# [WORK TO COMPLETE]
Please take the entries below from the first line through the line containing "C1: 0.1uf; C_0805_2012Metric" and repeat them exactly, leaving out everything after.

:: DATASET ::

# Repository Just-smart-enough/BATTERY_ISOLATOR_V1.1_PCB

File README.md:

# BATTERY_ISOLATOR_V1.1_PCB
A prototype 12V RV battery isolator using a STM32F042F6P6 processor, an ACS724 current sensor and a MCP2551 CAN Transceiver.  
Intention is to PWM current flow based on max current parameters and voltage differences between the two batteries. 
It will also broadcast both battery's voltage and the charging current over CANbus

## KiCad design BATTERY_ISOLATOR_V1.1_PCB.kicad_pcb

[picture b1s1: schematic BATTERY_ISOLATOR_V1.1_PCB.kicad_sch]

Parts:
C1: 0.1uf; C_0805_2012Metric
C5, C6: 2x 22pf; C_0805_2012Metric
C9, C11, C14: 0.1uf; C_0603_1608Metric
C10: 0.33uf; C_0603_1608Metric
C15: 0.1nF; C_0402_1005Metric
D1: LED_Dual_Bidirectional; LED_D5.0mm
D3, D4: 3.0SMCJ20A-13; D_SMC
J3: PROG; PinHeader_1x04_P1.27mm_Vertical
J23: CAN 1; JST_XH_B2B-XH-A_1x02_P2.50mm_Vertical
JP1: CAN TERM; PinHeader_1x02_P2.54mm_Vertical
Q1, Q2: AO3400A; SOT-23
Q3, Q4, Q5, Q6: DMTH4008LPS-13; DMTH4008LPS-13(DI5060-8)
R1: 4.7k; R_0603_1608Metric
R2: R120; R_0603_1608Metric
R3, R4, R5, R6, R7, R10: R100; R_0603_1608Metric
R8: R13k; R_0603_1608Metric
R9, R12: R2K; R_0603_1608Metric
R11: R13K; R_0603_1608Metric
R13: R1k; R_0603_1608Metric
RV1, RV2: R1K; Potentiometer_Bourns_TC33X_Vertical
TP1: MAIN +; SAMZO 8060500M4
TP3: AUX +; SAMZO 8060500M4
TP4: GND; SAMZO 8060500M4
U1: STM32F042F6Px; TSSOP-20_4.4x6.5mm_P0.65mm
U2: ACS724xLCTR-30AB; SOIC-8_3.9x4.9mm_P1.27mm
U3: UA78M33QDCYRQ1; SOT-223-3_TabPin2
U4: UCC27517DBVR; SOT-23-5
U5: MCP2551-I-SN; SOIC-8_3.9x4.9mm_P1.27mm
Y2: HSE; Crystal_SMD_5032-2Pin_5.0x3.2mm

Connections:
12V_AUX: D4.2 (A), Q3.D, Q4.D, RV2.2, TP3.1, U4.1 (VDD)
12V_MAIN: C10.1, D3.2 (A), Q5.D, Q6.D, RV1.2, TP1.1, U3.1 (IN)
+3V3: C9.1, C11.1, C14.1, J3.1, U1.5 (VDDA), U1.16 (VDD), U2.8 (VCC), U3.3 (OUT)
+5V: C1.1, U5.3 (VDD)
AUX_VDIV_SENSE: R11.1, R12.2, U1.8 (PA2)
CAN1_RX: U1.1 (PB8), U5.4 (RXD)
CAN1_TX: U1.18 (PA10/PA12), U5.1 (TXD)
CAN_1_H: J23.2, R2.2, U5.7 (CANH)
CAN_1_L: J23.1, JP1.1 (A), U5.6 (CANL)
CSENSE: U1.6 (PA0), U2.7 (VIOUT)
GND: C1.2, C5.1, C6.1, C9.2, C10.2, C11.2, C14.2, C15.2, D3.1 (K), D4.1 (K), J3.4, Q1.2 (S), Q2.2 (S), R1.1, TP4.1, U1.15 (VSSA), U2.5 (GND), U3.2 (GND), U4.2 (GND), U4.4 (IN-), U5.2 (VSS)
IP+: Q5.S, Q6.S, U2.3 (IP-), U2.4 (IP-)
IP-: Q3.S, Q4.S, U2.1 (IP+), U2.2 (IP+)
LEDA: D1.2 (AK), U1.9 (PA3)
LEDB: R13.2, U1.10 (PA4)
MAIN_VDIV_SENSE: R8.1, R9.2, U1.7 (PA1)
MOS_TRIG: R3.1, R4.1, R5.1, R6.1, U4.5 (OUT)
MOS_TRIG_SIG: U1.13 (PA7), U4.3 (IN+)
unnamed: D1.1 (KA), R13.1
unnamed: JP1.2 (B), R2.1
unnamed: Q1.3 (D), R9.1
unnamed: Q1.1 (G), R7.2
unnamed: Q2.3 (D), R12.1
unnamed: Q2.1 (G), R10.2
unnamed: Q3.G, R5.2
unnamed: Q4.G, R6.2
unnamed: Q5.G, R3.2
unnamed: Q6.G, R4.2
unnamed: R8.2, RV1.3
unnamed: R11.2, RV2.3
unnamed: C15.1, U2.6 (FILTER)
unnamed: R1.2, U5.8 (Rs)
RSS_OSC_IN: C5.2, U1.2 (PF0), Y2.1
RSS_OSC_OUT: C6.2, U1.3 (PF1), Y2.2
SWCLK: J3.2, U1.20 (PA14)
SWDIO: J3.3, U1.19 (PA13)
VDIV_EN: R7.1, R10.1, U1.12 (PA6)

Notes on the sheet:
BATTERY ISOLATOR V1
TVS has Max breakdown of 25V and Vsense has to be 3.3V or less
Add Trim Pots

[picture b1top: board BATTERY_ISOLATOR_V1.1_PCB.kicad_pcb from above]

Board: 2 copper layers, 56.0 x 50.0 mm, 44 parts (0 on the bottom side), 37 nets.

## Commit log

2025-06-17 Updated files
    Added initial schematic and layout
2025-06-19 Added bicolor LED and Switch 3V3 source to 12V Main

:::

# [FINISHED TASK]
# Repository Just-smart-enough/BATTERY_ISOLATOR_V1.1_PCB

File README.md:

# BATTERY_ISOLATOR_V1.1_PCB
A prototype 12V RV battery isolator using a STM32F042F6P6 processor, an ACS724 current sensor and a MCP2551 CAN Transceiver.  
Intention is to PWM current flow based on max current parameters and voltage differences between the two batteries. 
It will also broadcast both battery's voltage and the charging current over CANbus

## KiCad design BATTERY_ISOLATOR_V1.1_PCB.kicad_pcb

[picture b1s1: schematic BATTERY_ISOLATOR_V1.1_PCB.kicad_sch]

Parts:
C1: 0.1uf; C_0805_2012Metric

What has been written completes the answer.